Particularly with a tractor that you are not moving multiple times a day you simply are going to have to give them supplemental feed if you even want to keep them alive much less get any productive use out of them.

I've got eight tractors myself all about nine feet long by eight feet wide (interior width where the birds are) and have been using them since I built the first one five years ago.

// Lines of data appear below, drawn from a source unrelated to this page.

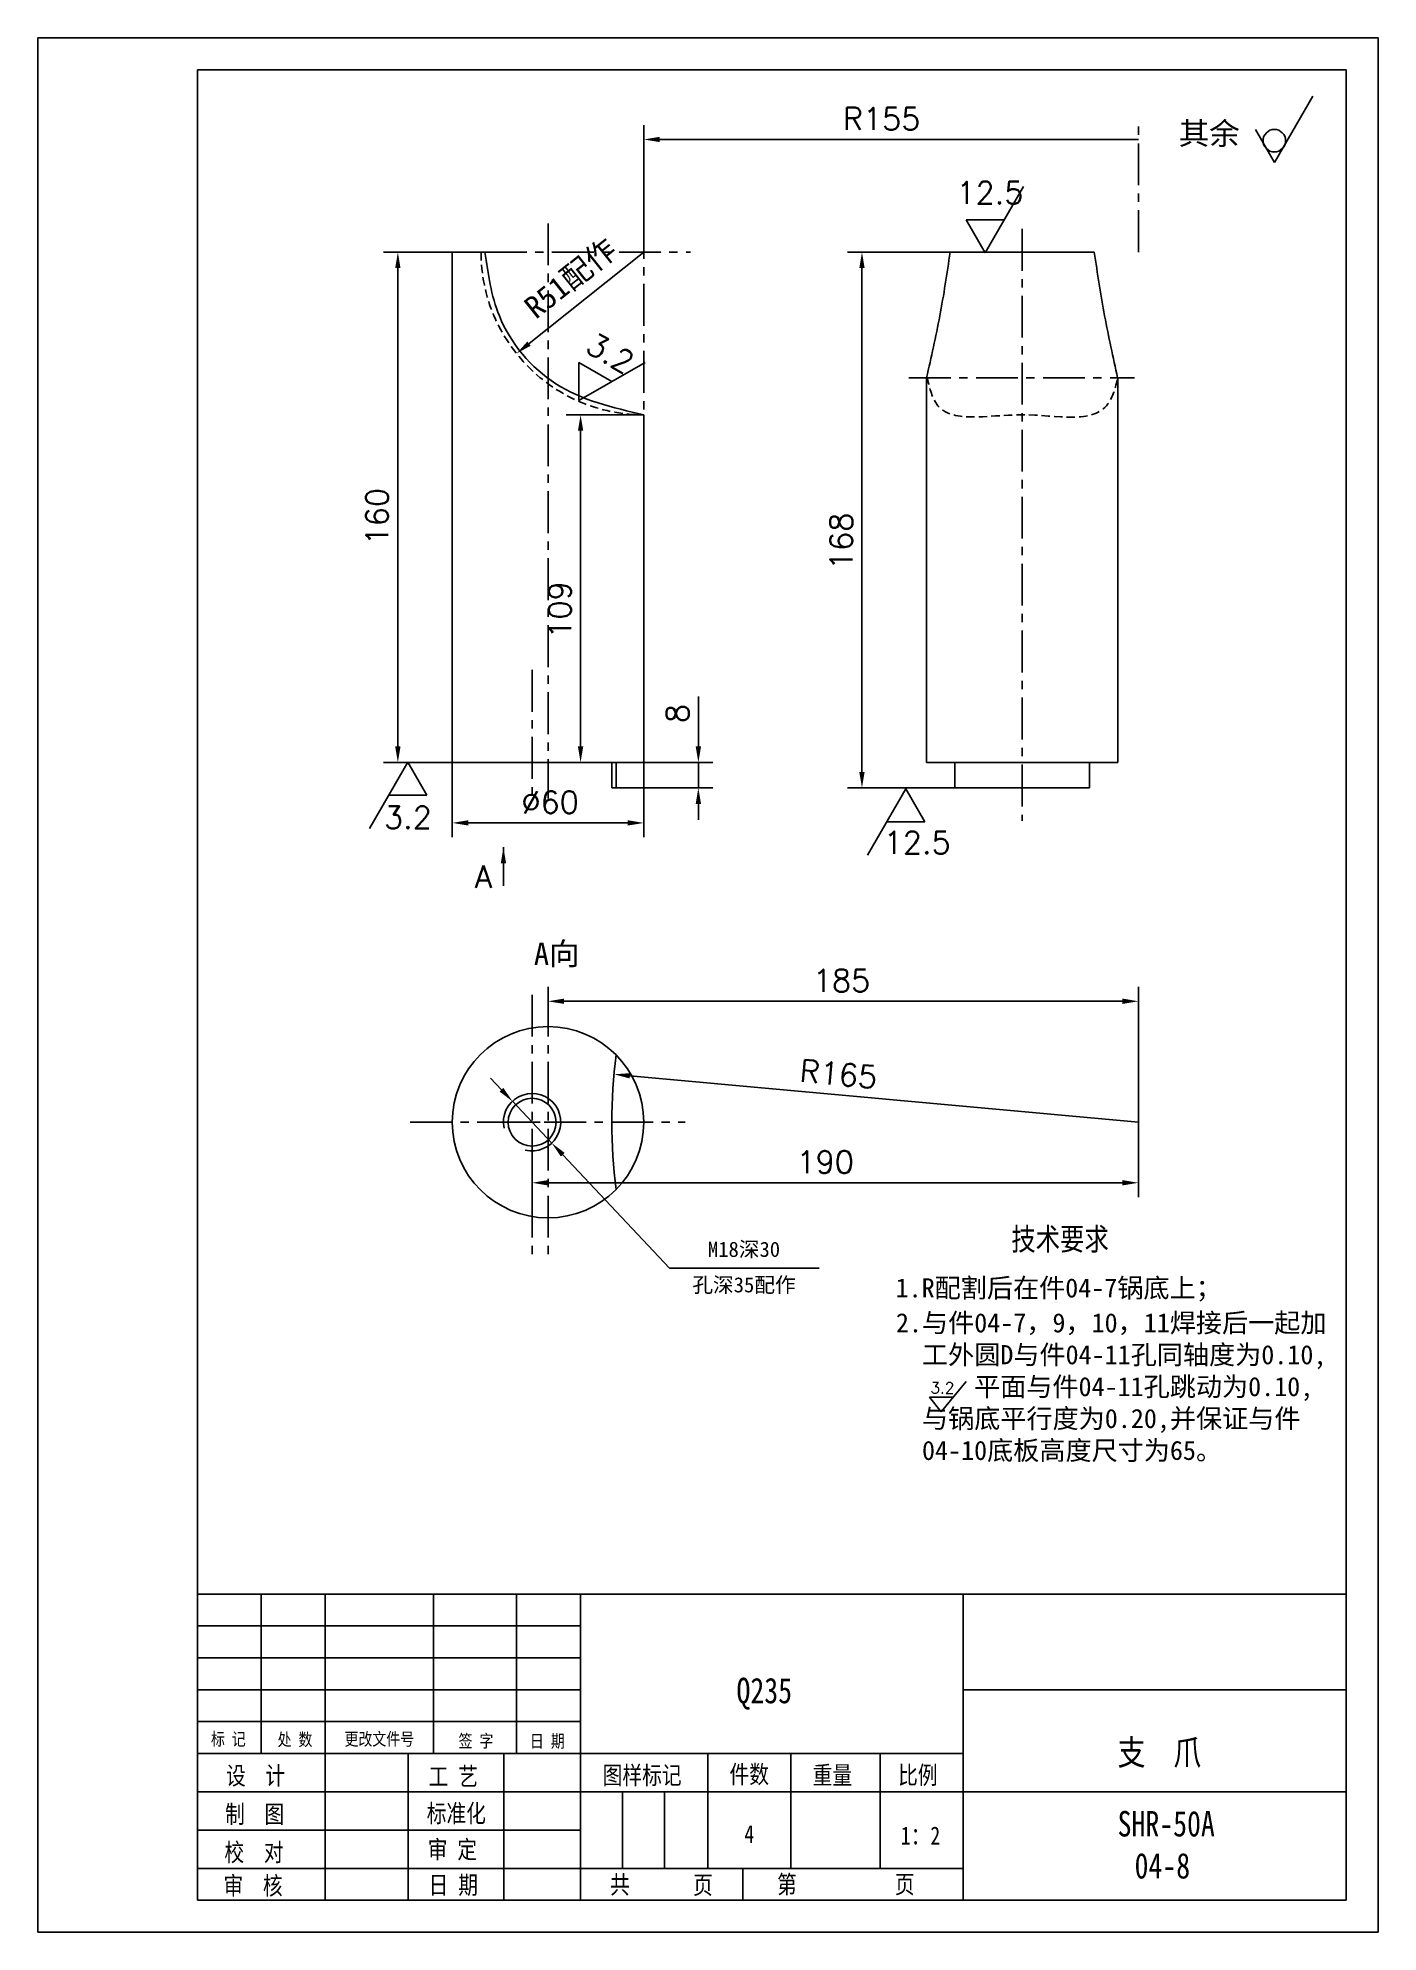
# Model space of a CAD drawing. Extents: x 233 to 653, y 4 to 598.
import ezdxf

# ---------------------------------------------------------------- set-up
doc = ezdxf.new("R2010")
doc.units = 0
doc.header["$LTSCALE"] = 10.5
doc.header["$MEASUREMENT"] = 0
doc.linetypes.add('CENTER', pattern=[2, 1.25, -0.25, 0.25, -0.25])
doc.linetypes.add('HIDDEN', pattern=[0.375, 0.25, -0.125])
doc.layers.get('0').update_dxf_attribs({"color": 2, "linetype": 'CONTINUOUS'})
doc.layers.get('DEFPOINTS').update_dxf_attribs({"linetype": 'CONTINUOUS'})
doc.layers.add('PART', color=3, linetype='CONTINUOUS')
doc.layers.add('SMPEN_THICK', color=7, linetype='CONTINUOUS')
doc.styles.add('HZDX', font='', dxfattribs={"width": 0.8, "height": 7.5})
doc.styles.get("Standard").update_dxf_attribs({"font": 'txt.shx', "height": 7, "bigfont": 'hzfs.shx'})
doc.styles.get('HZDX').set_extended_font_data('SimSun')
doc.dimstyles.get("Standard").update_dxf_attribs({"dimtxt": 0.18, "dimasz": 0.18, "dimexe": 0.18, "dimexo": 0.0625, "dimgap": 0.09, "dimtad": 0, "dimtih": 1, "dimtoh": 1, "dimdec": 4, "dimzin": 0, "dimdsep": 46, "dimtxsty": 'Standard', "dimcen": 0.09, "dimadec": 0, "dimazin": 0, "dimtfac": 1, "dimtdec": 4, "dimtofl": 0, "dimtmove": 0, "dimatfit": 3, "dimfxl": 1, "dimtolj": 1, "dimtzin": 0, "dimarcsym": 0})

# ---------------------------------------------------------------- blocks, each defined once
blk = doc.blocks.new('*D5')
at = {"layer": 'DEFPOINTS', "color": 0, "transparency": 16777216}
for p in [(422.62, 531.08), (382.74, 499.29)]:
    blk.add_point(p, dxfattribs=at)
at = {"layer": 'SMPEN_THICK', "color": 2, "lineweight": -2, "transparency": 16777216}
blk.add_line((422.62, 531.08), (386.65, 502.41), dxfattribs=at)
at = {"layer": 'SMPEN_THICK', "color": 2, "transparency": 16777216}
blk.add_solid([(386.13, 503.06), (387.17, 501.75), (382.74, 499.29)], dxfattribs=at)
at = {"layer": 'SMPEN_THICK', "color": 2, "transparency": 16777216, "insert": (399.9, 522.69), "char_height": 7, "attachment_point": 5, "rotation": 38.56546}
blk.add_mtext('\\A1;{\\f仿宋_GB2312|b0|i0|c134|p49;R51配作}', dxfattribs=at)
blk = doc.blocks.new('*D6')
at = {"layer": 'DEFPOINTS', "color": 0, "transparency": 16777216}
for p in [(413.3, 273.27), (577.62, 258.26)]:
    blk.add_point(p, dxfattribs=at)
at = {"layer": 'SMPEN_THICK', "color": 2, "lineweight": -2, "transparency": 16777216}
blk.add_line((577.62, 258.26), (418.28, 272.81), dxfattribs=at)
at = {"layer": 'SMPEN_THICK', "color": 2, "transparency": 16777216}
blk.add_solid([(418.36, 273.64), (418.2, 271.98), (413.3, 273.27)], dxfattribs=at)
at = {"layer": 'SMPEN_THICK', "color": 2, "transparency": 16777216, "insert": (483.66, 273.37), "char_height": 7, "attachment_point": 5, "rotation": 354.78042}
blk.add_mtext('\\A1;R165', dxfattribs=at)
blk = doc.blocks.new('*D7')
at = {"layer": 'DEFPOINTS', "color": 0, "transparency": 16777216}
for p in [(392.62, 296.18), (392.62, 288.26), (577.62, 258.26)]:
    blk.add_point(p, dxfattribs=at)
at = {"layer": 'SMPEN_THICK', "color": 2, "lineweight": -2, "transparency": 16777216}
for p, q in [((392.62, 288.26), (392.62, 300.68)), ((577.62, 258.26), (577.62, 300.68)), ((572.62, 296.18), (397.62, 296.18))]:
    blk.add_line(p, q, dxfattribs=at)
at = {"layer": 'SMPEN_THICK', "color": 2, "transparency": 16777216}
for points in [[(397.62, 297.02), (397.62, 295.35), (392.62, 296.18)], [(572.62, 297.02), (572.62, 295.35), (577.62, 296.18)]]:
    blk.add_solid(points, dxfattribs=at)
at = {"layer": 'SMPEN_THICK', "color": 2, "transparency": 16777216, "insert": (484.6, 302.68), "char_height": 7, "attachment_point": 5}
blk.add_mtext('\\A1;185', dxfattribs=at)
blk = doc.blocks.new('*D8')
at = {"layer": 'DEFPOINTS', "color": 0, "transparency": 16777216}
for p in [(422.62, 480.08), (402.82, 371.08), (413.97, 371.08)]:
    blk.add_point(p, dxfattribs=at)
at = {"layer": 'SMPEN_THICK', "color": 2, "lineweight": -2, "transparency": 16777216}
for p, q in [((422.62, 480.08), (398.32, 480.08)), ((402.82, 475.08), (402.82, 376.08)), ((413.97, 371.08), (398.32, 371.08))]:
    blk.add_line(p, q, dxfattribs=at)
at = {"layer": 'SMPEN_THICK', "color": 2, "transparency": 16777216}
for points in [[(401.98, 475.08), (403.65, 475.08), (402.82, 480.08)], [(401.98, 376.08), (403.65, 376.08), (402.82, 371.08)]]:
    blk.add_solid(points, dxfattribs=at)
at = {"layer": 'SMPEN_THICK', "color": 2, "transparency": 16777216, "insert": (396.32, 418.88), "char_height": 7, "attachment_point": 5, "rotation": 90}
blk.add_mtext('\\A1;109', dxfattribs=at)
blk = doc.blocks.new('*D9')
at = {"layer": 'DEFPOINTS', "color": 0, "transparency": 16777216}
for p in [(362.62, 531.08), (345.55, 371.08), (362.62, 371.08)]:
    blk.add_point(p, dxfattribs=at)
at = {"layer": 'SMPEN_THICK', "color": 2, "lineweight": -2, "transparency": 16777216}
for p, q in [((362.62, 531.08), (341.05, 531.08)), ((345.55, 526.08), (345.55, 376.08)), ((362.62, 371.08), (341.05, 371.08))]:
    blk.add_line(p, q, dxfattribs=at)
at = {"layer": 'SMPEN_THICK', "color": 2, "transparency": 16777216}
for points in [[(344.72, 526.08), (346.38, 526.08), (345.55, 531.08)], [(344.72, 376.08), (346.38, 376.08), (345.55, 371.08)]]:
    blk.add_solid(points, dxfattribs=at)
at = {"layer": 'SMPEN_THICK', "color": 2, "transparency": 16777216, "insert": (339.05, 448.13), "char_height": 7, "attachment_point": 5, "rotation": 90}
blk.add_mtext('\\A1;160', dxfattribs=at)
blk = doc.blocks.new('*D10')
at = {"layer": 'DEFPOINTS', "color": 0, "transparency": 16777216}
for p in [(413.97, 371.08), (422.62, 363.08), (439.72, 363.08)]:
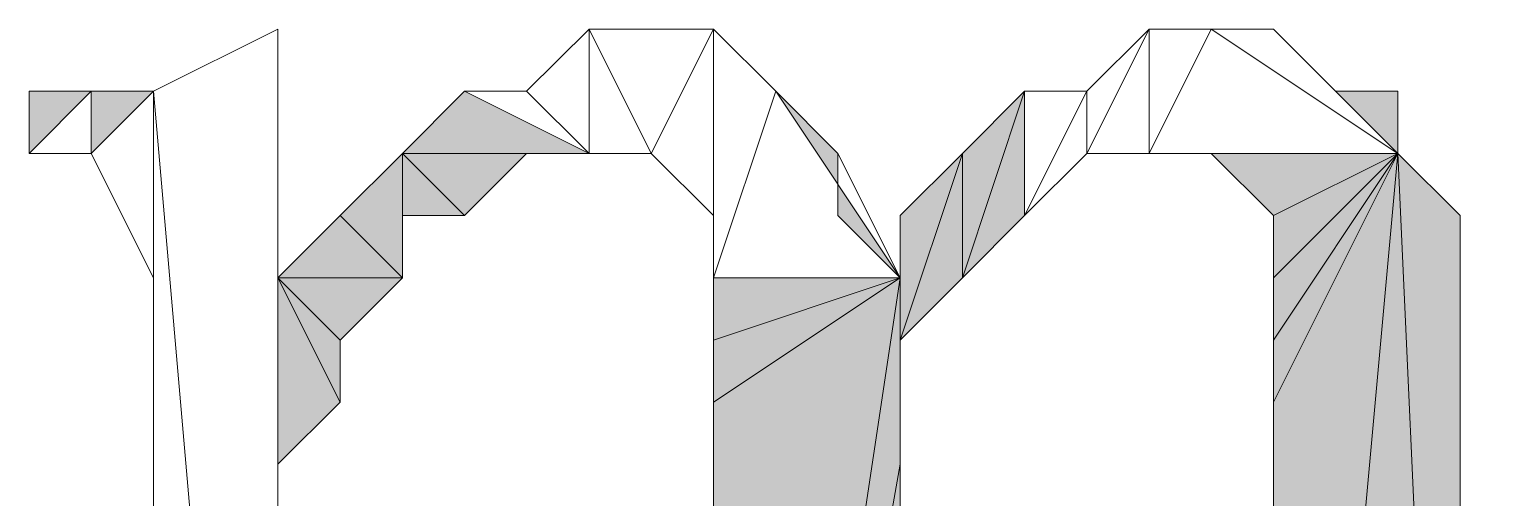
# Model space of a CAD drawing. Header units: inches. Extents: x -244 to 17, y 0 to 370.
# Drawn here: x -41.709 to -40.223, y 24.17 to 24.649 of the extents above; entities that cross this region are included whole.
import ezdxf

# ---------------------------------------------------------------- set-up
doc = ezdxf.new("R2010")
doc.units = ezdxf.units.IN
doc.header["$MEASUREMENT"] = 0
doc.layers.add('图层 1', color=7, linetype='Continuous')

# ---------------------------------------------------------------- blocks, each defined once
blk = doc.blocks.new('block 2')
at = {"layer": '图层 1', "true_color": 0xffffff}
h = blk.add_hatch(color=7, dxfattribs=at)
h.dxf.hatch_style = 2
h.paths.add_polyline_path([(44.7041, 62.357), (44.6405, 62.357), (44.7041, 62.2936)])
h = blk.add_hatch(color=7, dxfattribs=at)
h.dxf.hatch_style = 2
h.paths.add_polyline_path([(44.7041, 62.2936), (44.6405, 62.2936), (44.7041, 62.2302)])
h = blk.add_hatch(color=7, dxfattribs=at)
h.dxf.hatch_style = 2
h.paths.add_polyline_path([(44.5136, 62.1031), (44.45, 62.0397), (44.5136, 61.9759)])
h.paths.add_polyline_path([(44.3865, 62.0397), (44.5136, 62.1031), (44.45, 62.0397)])
h.paths.add_polyline_path([(44.3231, 62.1031), (44.3865, 62.0397), (44.5136, 62.1031)])
h = blk.add_hatch(color=7, dxfattribs=at)
h.dxf.hatch_style = 2
h.paths.add_polyline_path([(44.577, 62.0397), (44.5136, 61.9759), (44.6405, 61.9759)])
h.paths.add_polyline_path([(44.5136, 62.1031), (44.577, 62.0397), (44.5136, 61.9759)])
h = blk.add_hatch(color=7, dxfattribs=at)
h.dxf.hatch_style = 2
h.paths.add_polyline_path([(44.577, 61.9125), (44.6405, 61.9759), (44.6405, 61.8492)])
h.paths.add_polyline_path([(44.577, 61.9759), (44.577, 61.9125), (44.6405, 61.9759)])
h = blk.add_hatch(color=7, dxfattribs=at)
h.dxf.hatch_style = 2
h.paths.add_polyline_path([(44.6405, 61.9759), (44.7041, 61.9125), (44.6405, 61.7854)])
h = blk.add_hatch(color=7, dxfattribs=at)
h.dxf.hatch_style = 2
h.paths.add_polyline_path([(43.2436, 61.6586), (43.18, 61.4681), (43.053, 61.341)])
h.paths.add_polyline_path([(43.2436, 61.4681), (43.2436, 61.6586), (43.18, 61.4681)])
h.paths.add_polyline_path([(44.3231, 61.4681), (43.2436, 61.4681), (43.2436, 61.6586)])
h = blk.add_hatch(color=7, dxfattribs=at)
h.dxf.hatch_style = 2
h.paths.add_polyline_path([(43.2436, 61.6586), (44.5136, 61.4681), (44.3231, 61.4681)])
h = blk.add_hatch(color=7, dxfattribs=at)
h.dxf.hatch_style = 2
h.paths.add_polyline_path([(44.5136, 61.4681), (43.2436, 61.6586), (44.3865, 61.6586)])
h = blk.add_hatch(color=7, dxfattribs=at)
h.dxf.hatch_style = 2
h.paths.add_polyline_path([(44.5136, 61.4681), (44.45, 61.6586), (44.5136, 61.6586)])
h.paths.add_polyline_path([(44.3865, 61.6586), (44.5136, 61.4681), (44.45, 61.6586)])
h = blk.add_hatch(color=7, dxfattribs=at)
h.dxf.hatch_style = 2
h.paths.add_polyline_path([(44.5136, 61.4681), (44.6405, 61.5315), (44.7041, 61.5949)])
h.paths.add_polyline_path([(44.577, 61.5315), (44.5136, 61.4681), (44.6405, 61.5315)])
h = blk.add_hatch(color=7, dxfattribs=at)
h.dxf.hatch_style = 2
h.paths.add_polyline_path([(44.6405, 61.4044), (44.45, 61.4681), (44.577, 61.4681)])
h.paths.add_polyline_path([(44.5136, 61.4044), (44.6405, 61.4044), (44.45, 61.4681)])
h.paths.add_polyline_path([(44.7041, 61.341), (44.5136, 61.4044), (44.6405, 61.4044)])
h.paths.add_polyline_path([(44.577, 61.341), (44.7041, 61.341), (44.5136, 61.4044)])
h = blk.add_hatch(color=7, dxfattribs=at)
h.dxf.hatch_style = 2
h.paths.add_polyline_path([(44.6405, 61.1505), (44.577, 61.0871), (44.6405, 60.96)])
h = blk.add_hatch(color=7, dxfattribs=at)
h.dxf.hatch_style = 2
h.paths.add_polyline_path([(43.2436, 61.0871), (43.18, 60.8332), (43.053, 60.7695)])
h.paths.add_polyline_path([(43.2436, 60.8966), (43.2436, 61.0871), (43.18, 60.8332)])
h.paths.add_polyline_path([(44.6405, 60.96), (43.2436, 60.8966), (43.2436, 61.0871)])
h = blk.add_hatch(color=7, dxfattribs=at)
h.dxf.hatch_style = 2
h.paths.add_polyline_path([(44.6405, 60.96), (43.2436, 61.0871), (44.3865, 61.0871)])
h = blk.add_hatch(color=7, dxfattribs=at)
h.dxf.hatch_style = 2
h.paths.add_polyline_path([(44.6405, 60.96), (44.45, 61.0871), (44.5136, 61.0871)])
h.paths.add_polyline_path([(44.3865, 61.0871), (44.6405, 60.96), (44.45, 61.0871)])
h = blk.add_hatch(color=7, dxfattribs=at)
h.dxf.hatch_style = 2
h.paths.add_polyline_path([(44.577, 61.0871), (44.5136, 61.0871), (44.6405, 60.96)])
h = blk.add_hatch(color=7, dxfattribs=at)
h.dxf.hatch_style = 2
h.paths.add_polyline_path([(44.6405, 60.96), (44.7041, 61.0237), (44.7675, 61.0871)])
h.paths.add_polyline_path([(44.7041, 60.96), (44.6405, 60.96), (44.7041, 61.0237)])
h = blk.add_hatch(color=7, dxfattribs=at)
h.dxf.hatch_style = 2
h.paths.add_polyline_path([(43.2436, 60.8966), (44.577, 60.8966), (44.6405, 60.96)])
at = {"layer": '图层 1', "lineweight": 0}
for points in [[(44.6405, 62.357), (44.7041, 62.2936), (44.6405, 62.2936), (44.6405, 62.357)], [(44.7041, 62.357), (44.6405, 62.357), (44.7041, 62.2936), (44.7041, 62.357)], [(44.5136, 62.2302), (44.7041, 62.2302), (44.6405, 62.2936), (44.5136, 62.2302)], [(44.7041, 62.2936), (44.6405, 62.2936), (44.7041, 62.2302), (44.7041, 62.2936)], [(44.7041, 62.2302), (44.7675, 62.1031), (43.2436, 62.1031), (44.7041, 62.2302)], [(43.2436, 62.2302), (44.7041, 62.2302), (43.2436, 62.1031), (43.2436, 62.2302)], [(44.7041, 62.2302), (43.2436, 62.2302), (44.5136, 62.2302), (44.7041, 62.2302)], [(44.7675, 62.1031), (44.3231, 62.1031), (43.2436, 62.1031), (44.7675, 62.1031)], [(44.3231, 62.1031), (44.3865, 62.0397), (44.5136, 62.1031), (44.3231, 62.1031)], [(44.5136, 62.1031), (44.7675, 62.1031), (44.3231, 62.1031), (44.5136, 62.1031)], [(44.3865, 62.0397), (44.5136, 62.1031), (44.45, 62.0397), (44.3865, 62.0397)], [(44.5136, 62.1031), (44.45, 62.0397), (44.5136, 61.9759), (44.5136, 62.1031)], [(44.5136, 62.1031), (44.577, 62.0397), (44.5136, 61.9759), (44.5136, 62.1031)], [(44.577, 62.0397), (44.5136, 61.9759), (44.6405, 61.9759), (44.577, 62.0397)], [(44.5136, 61.9759), (44.6405, 61.9759), (44.577, 61.9759), (44.5136, 61.9759)], [(44.577, 61.9125), (44.6405, 61.9759), (44.6405, 61.8492), (44.577, 61.9125)], [(44.577, 61.9759), (44.577, 61.9125), (44.6405, 61.9759), (44.577, 61.9759)], [(44.6405, 61.9759), (44.6405, 61.8492), (44.6405, 61.7854), (44.6405, 61.9759)], [(44.6405, 61.9759), (44.7041, 61.9125), (44.6405, 61.7854), (44.6405, 61.9759)], [(44.7041, 61.8492), (44.6405, 61.7854), (44.7041, 61.9125), (44.7041, 61.8492)], [(44.7041, 61.8492), (44.7675, 61.7854), (44.6405, 61.7854), (44.7041, 61.8492)], [(44.7675, 61.7854), (44.6405, 61.722), (44.7675, 61.6586), (44.7675, 61.7854)], [(44.6405, 61.7854), (44.7675, 61.7854), (44.6405, 61.722), (44.6405, 61.7854)], [(44.6405, 61.722), (44.577, 61.6586), (44.7675, 61.6586), (44.6405, 61.722)], [(43.2436, 61.6586), (44.5136, 61.4681), (44.3231, 61.4681), (43.2436, 61.6586)], [(44.3231, 61.4681), (43.2436, 61.4681), (43.2436, 61.6586), (44.3231, 61.4681)], [(44.5136, 61.4681), (43.2436, 61.6586), (44.3865, 61.6586), (44.5136, 61.4681)], [(44.3865, 61.6586), (44.5136, 61.4681), (44.45, 61.6586), (44.3865, 61.6586)], [(44.5136, 61.4681), (44.45, 61.6586), (44.5136, 61.6586), (44.5136, 61.4681)], [(44.5136, 61.6586), (44.7041, 61.5949), (44.5136, 61.4681), (44.5136, 61.6586)], [(44.7675, 61.6586), (44.5136, 61.6586), (44.7041, 61.5949), (44.7675, 61.6586)], [(44.577, 61.6586), (44.7675, 61.6586), (44.5136, 61.6586), (44.577, 61.6586)], [(44.5136, 61.4681), (44.6405, 61.5315), (44.7041, 61.5949), (44.5136, 61.4681)], [(44.577, 61.5315), (44.5136, 61.4681), (44.6405, 61.5315), (44.577, 61.5315)], [(44.3231, 61.4681), (44.3865, 61.4681), (44.577, 61.4681), (44.3231, 61.4681)], [(44.5136, 61.4681), (44.3231, 61.4681), (44.577, 61.4681), (44.5136, 61.4681)], [(44.3865, 61.4681), (44.577, 61.4681), (44.45, 61.4681), (44.3865, 61.4681)], [(44.6405, 61.4044), (44.45, 61.4681), (44.577, 61.4681), (44.6405, 61.4044)], [(44.5136, 61.4044), (44.6405, 61.4044), (44.45, 61.4681), (44.5136, 61.4044)], [(44.7041, 61.341), (44.5136, 61.4044), (44.6405, 61.4044), (44.7041, 61.341)], [(44.577, 61.341), (44.7041, 61.341), (44.5136, 61.4044), (44.577, 61.341)], [(44.7041, 61.2776), (44.577, 61.341), (44.7041, 61.341), (44.7041, 61.2776)], [(44.6405, 61.2776), (44.7041, 61.2776), (44.577, 61.341), (44.6405, 61.2776)], [(44.7675, 61.2139), (44.6405, 61.2776), (44.7041, 61.2776), (44.7675, 61.2139)], [(44.6405, 61.2139), (44.7675, 61.2139), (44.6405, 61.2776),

Tractoring is NOT the same as free range. The birds simply cannot access enough forage that way. The grass and whatnot adds quality to their eggs but they are not going to be able to perform on that alone. Feed them.


----------



## sdharlow (Jan 27, 2012)

I have mine tractored as well. 12 Black Australorps. 8 ft x 12 ft like yours. I move it into tall grass, and they are good for about 4 days there. I also have a hanging feeder in there that holds 12 lbs of feed. I only fill it halfway each time, and find that it will last a whole week before I have to put more in. I can live with that. We collect table scraps through the week, and throw that to them on the weekend. So basically I only have to worry about feeding them once a week. At 6 lbs a week a 50 lb bag of feed will last me about 8 weeks. At 20 bucks for 8 weeks of food, I can't complain about that.


----------



## idigbeets (Sep 3, 2011)

Are ya'll talking about meat or laying birds? My meat birds are in chicken tractors but all get feed as well.


----------



## sdharlow (Jan 27, 2012)

Mine are dual purpose. Black Australorps.


----------



## bja105 (Aug 25, 2009)

When mine are in the tractor, I feed them the same as if they were inside. If they eat more forage and less feed, great. I don't count on it to replace feed.
The primary advantages I get from tractors are less manure management and odor, better nutrition, and more space left in the coop.


----------